When working on a literary review on sharks during his undergraduate degree, he used several papers written by Heist, who studied the conservation biology of sharks before sturgeon.

The sturgeon and shark are both ancient fish with skeletons made of cartilage, meaning they have no bones.

“These are primitive fish,” Heist said. “They are fish that have characteristics that evolved long before the bony fish. They are pretty unique, which gives them a high conservation value. We don’t want to lose something that unique.”

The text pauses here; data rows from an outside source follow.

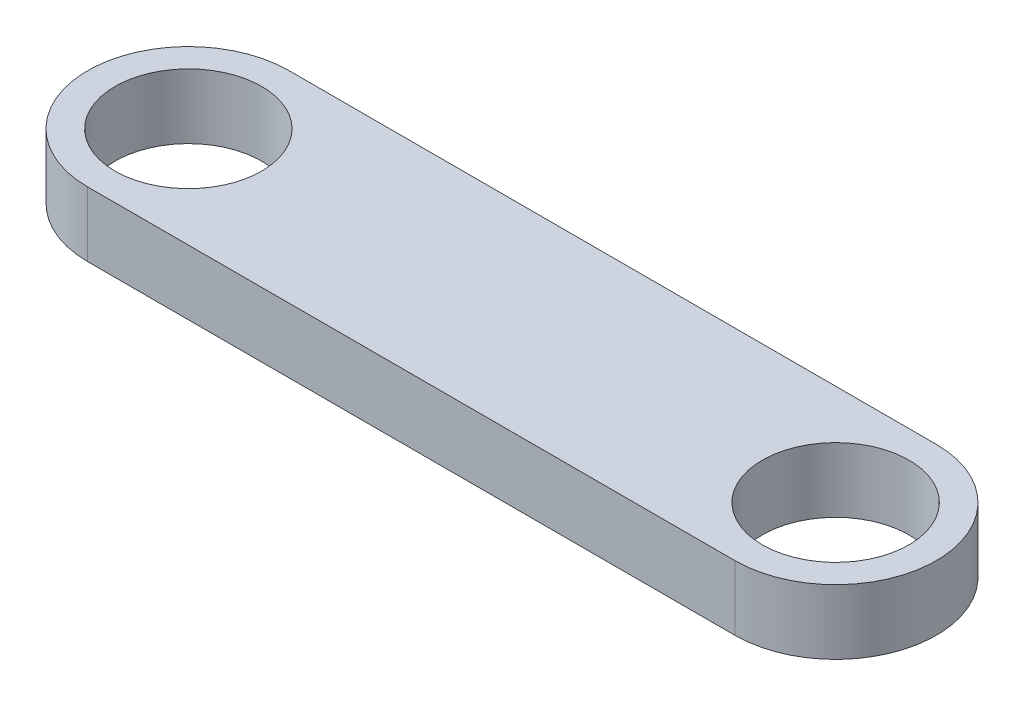
ISO-10303-21;
HEADER;
FILE_DESCRIPTION(('STEP AP214'),'2;1');
FILE_NAME('part.step','',(''),(''),'','','');
FILE_SCHEMA(('AUTOMOTIVE_DESIGN { 1 0 10303 214 1 1 1 1 }'));
ENDSEC;
DATA;
#1=APPLICATION_CONTEXT('core data for automotive mechanical design processes');
#2=APPLICATION_PROTOCOL_DEFINITION('international standard','automotive_design',2000,#1);
#3=PRODUCT_CONTEXT('',#1,'mechanical');
#4=PRODUCT('Part','Part','',(#3));
#5=PRODUCT_RELATED_PRODUCT_CATEGORY('part','',(#4));
#6=PRODUCT_DEFINITION_FORMATION('','',#4);
#7=PRODUCT_DEFINITION_CONTEXT('part definition',#1,'design');
#8=PRODUCT_DEFINITION('design','',#6,#7);
#9=PRODUCT_DEFINITION_SHAPE('','',#8);
#10=(LENGTH_UNIT() NAMED_UNIT(*) SI_UNIT(.MILLI.,.METRE.));
#11=(NAMED_UNIT(*) PLANE_ANGLE_UNIT() SI_UNIT($,.RADIAN.));
#12=(NAMED_UNIT(*) SI_UNIT($,.STERADIAN.) SOLID_ANGLE_UNIT());
#13=UNCERTAINTY_MEASURE_WITH_UNIT(LENGTH_MEASURE(1.E-05),#10,'distance_accuracy_value','');
#14=(GEOMETRIC_REPRESENTATION_CONTEXT(3) GLOBAL_UNCERTAINTY_ASSIGNED_CONTEXT((#13)) GLOBAL_UNIT_ASSIGNED_CONTEXT((#10,
#11,#12)) REPRESENTATION_CONTEXT('',''));
#15=CARTESIAN_POINT('',(0.,0.,0.));
#16=DIRECTION('',(0.,0.,1.));
#17=DIRECTION('',(1.,0.,0.));
#18=AXIS2_PLACEMENT_3D('',#15,#16,#17);
#19=CARTESIAN_POINT('',(22.5,4.5,0.));
#20=DIRECTION('',(0.,-1.,0.));
#21=DIRECTION('',(0.,0.,-1.));
#22=AXIS2_PLACEMENT_3D('',#19,#20,#21);
#23=CYLINDRICAL_SURFACE('',#22,7.);
#24=CARTESIAN_POINT('',(22.5,0.,0.));
#25=DIRECTION('',(0.,1.,0.));
#26=DIRECTION('',(0.,0.,1.));
#27=AXIS2_PLACEMENT_3D('',#24,#25,#26);
#28=CIRCLE('',#27,7.);
#29=CARTESIAN_POINT('',(22.5,0.,7.));
#30=VERTEX_POINT('',#29);
#31=CARTESIAN_POINT('',(22.5,0.,-7.));
#32=VERTEX_POINT('',#31);
#33=EDGE_CURVE('E111',#30,#32,#28,.T.);
#34=ORIENTED_EDGE('',*,*,#33,.T.);
#35=DIRECTION('',(0.,-1.,0.));
#36=VECTOR('',#35,1.);
#37=CARTESIAN_POINT('',(22.5,4.5,-7.));
#38=LINE('',#37,#36);
#39=CARTESIAN_POINT('',(22.5,4.5,-7.));
#40=VERTEX_POINT('',#39);
#41=EDGE_CURVE('E11',#40,#32,#38,.T.);
#42=ORIENTED_EDGE('',*,*,#41,.F.);
#43=CARTESIAN_POINT('',(22.5,4.5,0.));
#44=DIRECTION('',(0.,1.,0.));
#45=DIRECTION('',(0.,0.,1.));
#46=AXIS2_PLACEMENT_3D('',#43,#44,#45);
#47=CIRCLE('',#46,7.);
#48=CARTESIAN_POINT('',(22.5,4.5,7.));
#49=VERTEX_POINT('',#48);
#50=EDGE_CURVE('E82',#49,#40,#47,.T.);
#51=ORIENTED_EDGE('',*,*,#50,.F.);
#52=DIRECTION('',(0.,-1.,0.));
#53=VECTOR('',#52,1.);
#54=CARTESIAN_POINT('',(22.5,4.5,7.));
#55=LINE('',#54,#53);
#56=EDGE_CURVE('E110',#49,#30,#55,.T.);
#57=ORIENTED_EDGE('',*,*,#56,.T.);
#58=EDGE_LOOP('',(#34,#42,#51,#57));
#59=FACE_BOUND('',#58,.T.);
#60=ADVANCED_FACE('F40',(#59),#23,.T.);
#61=CARTESIAN_POINT('',(0.,4.5,-7.));
#62=DIRECTION('',(0.,0.,-1.));
#63=DIRECTION('',(-1.,0.,0.));
#64=AXIS2_PLACEMENT_3D('',#61,#62,#63);
#65=PLANE('',#64);
#66=DIRECTION('',(1.,0.,0.));
#67=VECTOR('',#66,1.);
#68=CARTESIAN_POINT('',(0.,0.,-7.));
#69=LINE('',#68,#67);
#70=CARTESIAN_POINT('',(-22.5,0.,-7.));
#71=VERTEX_POINT('',#70);
#72=EDGE_CURVE('E92',#71,#32,#69,.T.);
#73=ORIENTED_EDGE('',*,*,#72,.F.);
#74=DIRECTION('',(0.,-1.,0.));
#75=VECTOR('',#74,1.);
#76=CARTESIAN_POINT('',(-22.5,4.5,-7.));
#77=LINE('',#76,#75);
#78=CARTESIAN_POINT('',(-22.5,4.5,-7.));
#79=VERTEX_POINT('',#78);
#80=EDGE_CURVE('E48',#79,#71,#77,.T.);
#81=ORIENTED_EDGE('',*,*,#80,.F.);
#82=DIRECTION('',(1.,0.,0.));
#83=VECTOR('',#82,1.);
#84=CARTESIAN_POINT('',(0.,4.5,-7.));
#85=LINE('',#84,#83);
#86=EDGE_CURVE('E90',#79,#40,#85,.T.);
#87=ORIENTED_EDGE('',*,*,#86,.T.);
#88=ORIENTED_EDGE('',*,*,#41,.T.);
#89=EDGE_LOOP('',(#73,#81,#87,#88));
#90=FACE_BOUND('',#89,.T.);
#91=ADVANCED_FACE('F89',(#90),#65,.T.);
#92=CARTESIAN_POINT('',(-22.5,4.5,0.));
#93=DIRECTION('',(0.,-1.,0.));
#94=DIRECTION('',(0.,0.,-1.));
#95=AXIS2_PLACEMENT_3D('',#92,#93,#94);
#96=CYLINDRICAL_SURFACE('',#95,7.);
#97=CARTESIAN_POINT('',(-22.5,0.,0.));
#98=DIRECTION('',(0.,1.,0.));
#99=DIRECTION('',(0.,0.,1.));
#100=AXIS2_PLACEMENT_3D('',#97,#98,#99);
#101=CIRCLE('',#100,7.);
#102=CARTESIAN_POINT('',(-22.5,0.,7.));
#103=VERTEX_POINT('',#102);
#104=EDGE_CURVE('E71',#71,#103,#101,.T.);
#105=ORIENTED_EDGE('',*,*,#104,.T.);
#106=DIRECTION('',(0.,-1.,0.));
#107=VECTOR('',#106,1.);
#108=CARTESIAN_POINT('',(-22.5,4.5,7.));
#109=LINE('',#108,#107);
#110=CARTESIAN_POINT('',(-22.5,4.5,7.));
#111=VERTEX_POINT('',#110);
#112=EDGE_CURVE('E93',#111,#103,#109,.T.);
#113=ORIENTED_EDGE('',*,*,#112,.F.);
#114=CARTESIAN_POINT('',(-22.5,4.5,0.));
#115=DIRECTION('',(0.,1.,0.));
#116=DIRECTION('',(0.,0.,1.));
#117=AXIS2_PLACEMENT_3D('',#114,#115,#116);
#118=CIRCLE('',#117,7.);
#119=EDGE_CURVE('E94',#79,#111,#118,.T.);
#120=ORIENTED_EDGE('',*,*,#119,.F.);
#121=ORIENTED_EDGE('',*,*,#80,.T.);
#122=EDGE_LOOP('',(#105,#113,#120,#121));
#123=FACE_BOUND('',#122,.T.);
#124=ADVANCED_FACE('F95',(#123),#96,.T.);
#125=CARTESIAN_POINT('',(22.5,4.5,0.));
#126=DIRECTION('',(0.,-1.,0.));
#127=DIRECTION('',(0.,0.,-1.));
#128=AXIS2_PLACEMENT_3D('',#125,#126,#127);
#129=CYLINDRICAL_SURFACE('',#128,5.1);
#130=CARTESIAN_POINT('',(22.5,4.5,0.));
#131=DIRECTION('',(0.,1.,0.));
#132=DIRECTION('',(0.,0.,1.));
#133=AXIS2_PLACEMENT_3D('',#130,#131,#132);
#134=CIRCLE('',#133,5.1);
#135=CARTESIAN_POINT('',(22.5,4.5,5.10000000000001));
#136=VERTEX_POINT('',#135);
#137=EDGE_CURVE('E104',#136,#136,#134,.T.);
#138=ORIENTED_EDGE('',*,*,#137,.T.);
#139=EDGE_LOOP('',(#138));
#140=FACE_BOUND('',#139,.T.);
#141=CARTESIAN_POINT('',(22.5,0.,0.));
#142=DIRECTION('',(0.,1.,0.));
#143=DIRECTION('',(0.,0.,1.));
#144=AXIS2_PLACEMENT_3D('',#141,#142,#143);
#145=CIRCLE('',#144,5.1);
#146=CARTESIAN_POINT('',(22.5,0.,5.10000000000001));
#147=VERTEX_POINT('',#146);
#148=EDGE_CURVE('E117',#147,#147,#145,.T.);
#149=ORIENTED_EDGE('',*,*,#148,.F.);
#150=EDGE_LOOP('',(#149));
#151=FACE_BOUND('',#150,.T.);
#152=ADVANCED_FACE('F136',(#140,#151),#129,.F.);
#153=CARTESIAN_POINT('',(0.,4.5,7.));
#154=DIRECTION('',(0.,0.,-1.));
#155=DIRECTION('',(-1.,0.,0.));
#156=AXIS2_PLACEMENT_3D('',#153,#154,#155);
#157=PLANE('',#156);
#158=DIRECTION('',(1.,0.,0.));
#159=VECTOR('',#158,1.);
#160=CARTESIAN_POINT('',(0.,0.,7.));
#161=LINE('',#160,#159);
#162=EDGE_CURVE('E77',#103,#30,#161,.T.);
#163=ORIENTED_EDGE('',*,*,#162,.T.);
#164=ORIENTED_EDGE('',*,*,#56,.F.);
#165=DIRECTION('',(1.,0.,0.));
#166=VECTOR('',#165,1.);
#167=CARTESIAN_POINT('',(0.,4.5,7.));
#168=LINE('',#167,#166);
#169=EDGE_CURVE('E56',#111,#49,#168,.T.);
#170=ORIENTED_EDGE('',*,*,#169,.F.);
#171=ORIENTED_EDGE('',*,*,#112,.T.);
#172=EDGE_LOOP('',(#163,#164,#170,#171));
#173=FACE_BOUND('',#172,.T.);
#174=ADVANCED_FACE('F123',(#173),#157,.F.);
#175=CARTESIAN_POINT('',(-22.5,4.5,0.));
#176=DIRECTION('',(0.,-1.,0.));
#177=DIRECTION('',(0.,0.,-1.));
#178=AXIS2_PLACEMENT_3D('',#175,#176,#177);
#179=CYLINDRICAL_SURFACE('',#178,5.1);
#180=CARTESIAN_POINT('',(-22.5,4.5,0.));
#181=DIRECTION('',(0.,1.,0.));
#182=DIRECTION('',(0.,0.,1.));
#183=AXIS2_PLACEMENT_3D('',#180,#181,#182);
#184=CIRCLE('',#183,5.1);
#185=CARTESIAN_POINT('',(-22.5,4.5,5.1));
#186=VERTEX_POINT('',#185);
#187=EDGE_CURVE('E107',#186,#186,#184,.T.);
#188=ORIENTED_EDGE('',*,*,#187,.T.);
#189=EDGE_LOOP('',(#188));
#190=FACE_BOUND('',#189,.T.);
#191=CARTESIAN_POINT('',(-22.5,0.,0.));
#192=DIRECTION('',(0.,1.,0.));
#193=DIRECTION('',(0.,0.,1.));
#194=AXIS2_PLACEMENT_3D('',#191,#192,#193);
#195=CIRCLE('',#194,5.1);
#196=CARTESIAN_POINT('',(-22.5,0.,5.1));
#197=VERTEX_POINT('',#196);
#198=EDGE_CURVE('E100',#197,#197,#195,.T.);
#199=ORIENTED_EDGE('',*,*,#198,.F.);
#200=EDGE_LOOP('',(#199));
#201=FACE_BOUND('',#200,.T.);
#202=ADVANCED_FACE('F141',(#190,#201),#179,.F.);
#203=CARTESIAN_POINT('',(0.,4.5,0.));
#204=DIRECTION('',(0.,1.,0.));
#205=DIRECTION('',(0.,0.,1.));
#206=AXIS2_PLACEMENT_3D('',#203,#204,#205);
#207=PLANE('',#206);
#208=ORIENTED_EDGE('',*,*,#50,.T.);
#209=ORIENTED_EDGE('',*,*,#86,.F.);
#210=ORIENTED_EDGE('',*,*,#119,.T.);
#211=ORIENTED_EDGE('',*,*,#169,.T.);
#212=EDGE_LOOP('',(#208,#209,#210,#211));
#213=FACE_BOUND('',#212,.T.);
#214=ORIENTED_EDGE('',*,*,#137,.F.);
#215=EDGE_LOOP('',(#214));
#216=FACE_BOUND('',#215,.T.);
#217=ORIENTED_EDGE('',*,*,#187,.F.);
#218=EDGE_LOOP('',(#217));
#219=FACE_BOUND('',#218,.T.);
#220=ADVANCED_FACE('F97',(#213,#216,#219),#207,.T.);
#221=CARTESIAN_POINT('',(0.,0.,0.));
#222=DIRECTION('',(0.,1.,0.));
#223=DIRECTION('',(0.,0.,1.));
#224=AXIS2_PLACEMENT_3D('',#221,#222,#223);
#225=PLANE('',#224);
#226=ORIENTED_EDGE('',*,*,#33,.F.);
#227=ORIENTED_EDGE('',*,*,#162,.F.);
#228=ORIENTED_EDGE('',*,*,#104,.F.);
#229=ORIENTED_EDGE('',*,*,#72,.T.);
#230=EDGE_LOOP('',(#226,#227,#228,#229));
#231=FACE_BOUND('',#230,.T.);
#232=ORIENTED_EDGE('',*,*,#148,.T.);
#233=EDGE_LOOP('',(#232));
#234=FACE_BOUND('',#233,.T.);
#235=ORIENTED_EDGE('',*,*,#198,.T.);
#236=EDGE_LOOP('',(#235));
#237=FACE_BOUND('',#236,.T.);
#238=ADVANCED_FACE('F126',(#231,#234,#237),#225,.F.);
#239=CLOSED_SHELL('',(#60,#91,#124,#152,#174,#202,#220,#238));
#240=MANIFOLD_SOLID_BREP('B2',#239);
#241=ADVANCED_BREP_SHAPE_REPRESENTATION('',(#18,#240),#14);
#242=SHAPE_DEFINITION_REPRESENTATION(#9,#241);
ENDSEC;
END-ISO-10303-21;

Kingsland said his interest in sharks grew after seeing “Jaws” for this first time and begin fishing. He still owns the first shark documentary he ever saw on VHS and keeps a few toys on his desk.

This year, larval sturgeon will be released in the wild for the first time to try and find where survivors are living.

“There’s about 30 species of sturgeon left in the world and almost all of them are endangered,” Heist said. “Sturgeon are among the most endangered species in the world. We have three species in the Mississippi River, so we don’t want to lose them.”